How It Works: The Power of Agentic RAG and Judge LLM

Architecture Diagram of GenAI Powered solution for Chemical Product Discovery

The system uses a multi-step approach to ensure that product search is both efficient and reliable.

Pre-Processing

BMX-Based Search:

Product data is first organized into key-value pairs. Once the information is structured, BMX indexes are created. These indexes are like a high-speed lookup table, allowing us to perform fast similarity searches.

Semantic Search:

For product data:

1. We start by cleaning the data, removing any inconsistencies and extraneous details.
2. Next, we split the cleaned data into smaller, context-rich segments using recursive chunking.
3. Each segment is then converted into a numerical vector with our text-embedding-3-large model, and these vectors are stored in a vector database for quick retrieval.

For solution data:

1. The process is similar: clean the data, break it into manageable chunks, generate embeddings, and store everything in the vector database.

Handling User Queries :

When you submit a query, the system kicks into gear by first figuring out whether your question is about a product or a solution.

Product Queries:

1. Previous queries are checked to maintain a smooth conversation and context.
2. Then, specifics are analyzed —if the query includes numbers, we apply a ±5% tolerance to account for slight variations. For vague terms like “low” or “high,” these descriptions are mapped to more structured values.
3. Key product attributes are then extracted, such as nature, application, performance, and properties. If the “nature” of the product is mentioned, then three semantically similar sub-queries are generated to cover all possible angles.
4. Finally, multiple searches are run (semantic, MMR, BMX, and BM25), and a judge LLM reviews the results to ensure everything fits perfectly. If crucial details are missing, then the system defaults to a broader answer.

Solution Queries:

1. For questions related to solutions, the process is streamlined. The system simply uses a semantic search retriever to fetch the most relevant, context-rich results from the vector database.

Answer Generation:

In the final step, the system generates the most relevant products.

• For product queries, the results from different sub-queries are reduced to one answer, which is then passed to the Judge LLM.
• For solution queries, the semantic search provides a relevant response.

This approach ensures that the user’s query is handled with the appropriate method and the responses are accurate and relevant.
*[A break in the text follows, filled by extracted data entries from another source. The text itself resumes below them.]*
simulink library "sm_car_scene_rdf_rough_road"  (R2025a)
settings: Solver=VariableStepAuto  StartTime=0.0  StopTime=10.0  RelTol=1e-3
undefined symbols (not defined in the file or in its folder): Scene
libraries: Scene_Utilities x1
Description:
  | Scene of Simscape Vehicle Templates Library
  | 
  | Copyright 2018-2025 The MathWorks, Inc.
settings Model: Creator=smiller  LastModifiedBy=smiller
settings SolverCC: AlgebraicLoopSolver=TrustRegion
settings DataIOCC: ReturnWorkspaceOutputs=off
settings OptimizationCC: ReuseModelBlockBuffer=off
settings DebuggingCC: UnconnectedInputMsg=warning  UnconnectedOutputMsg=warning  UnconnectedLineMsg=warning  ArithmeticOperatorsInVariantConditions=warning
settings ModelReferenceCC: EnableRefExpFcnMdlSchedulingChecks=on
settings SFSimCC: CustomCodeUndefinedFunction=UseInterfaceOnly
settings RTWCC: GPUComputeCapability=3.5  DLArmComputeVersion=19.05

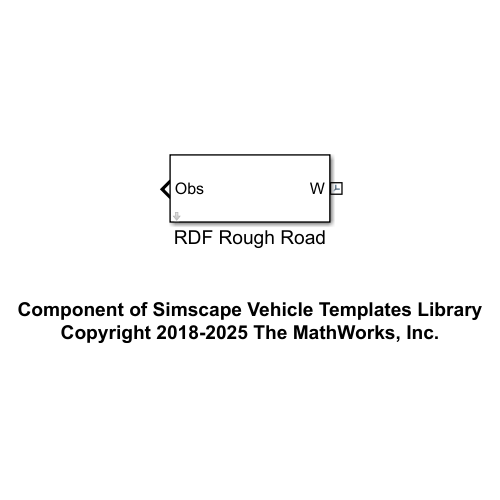
[thumbnail: Simulink's stored preview of the top-level diagram]
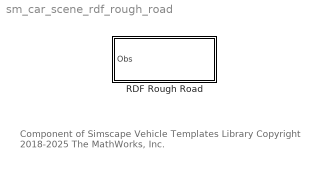
== system sm_car_scene_rdf_rough_road ==
  note: Component of Simscape Vehicle Templates Library
      | Copyright 2018-2025 The MathWorks, Inc.
  RDF Rough Road : Subsystem  mask{RDF_Polyline=Scene.RDF_Rough_Road}
      mask prompts: RDF_Polyline "RDF Polyline (structure)"

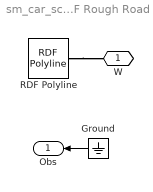
== system sm_car_scene_rdf_rough_road/RDF Rough Road ==
  Ground : Ground
  RDF Polyline : Scene_Utilities/RDF Polyline  road_extr_data_L=RDF_Polyline.Road.extr_data_L  road_extr_data_R=RDF_Polyline.Road.extr_data_R  road_profile_sep=RDF_Polyline.Road.profile_separation  road_w=RDF_Polyline.Road.w  road_x=RDF_Polyline.Road.x  road_z=RDF_Polyline.Road.z  road_yaw=RDF_Polyline.Road.yaw  road_clr=RDF_Polyline.Road.clr  road_opc=RDF_Polyline.Road.opc
  W : PMIOPort  Side=Left
  Obs : Outport  VectorParamsAs1DForOutWhenUnconnected=off
  wires:
  Ground/1 -> Obs/1
  connections:
  RDF Polyline/RConn1 -- W/RConn1

Real-World Applications: A Game Changer for Chemical Sectors

The Chemical Industry is experiencing the benefits of this AI-powered product discovery system. The integration of intent-based retrieval and context-aware recommendations has dramatically reduced the time spent searching for products, thus enabling faster decision-making processes and more informed decisions. This system helps the user get products for their specific requirements.

Conclusion: A Smarter, Faster, and More Efficient Chemical Product Search

The future of chemical product search is bright with the integration of Generative AI and Agentic Retrieval-Augmented Generation. This solution not only increases the accuracy of product recommendations but also streamlines decision-making processes for industries that rely on complex chemical products. With continued advancements in AI, this approach will continue to revolutionize the way people search for and select chemical products, making the process smarter, faster, and more efficient.

As the chemical industry continues to evolve, embracing AI-driven solutions will be key to staying competitive and driving innovation in product discovery.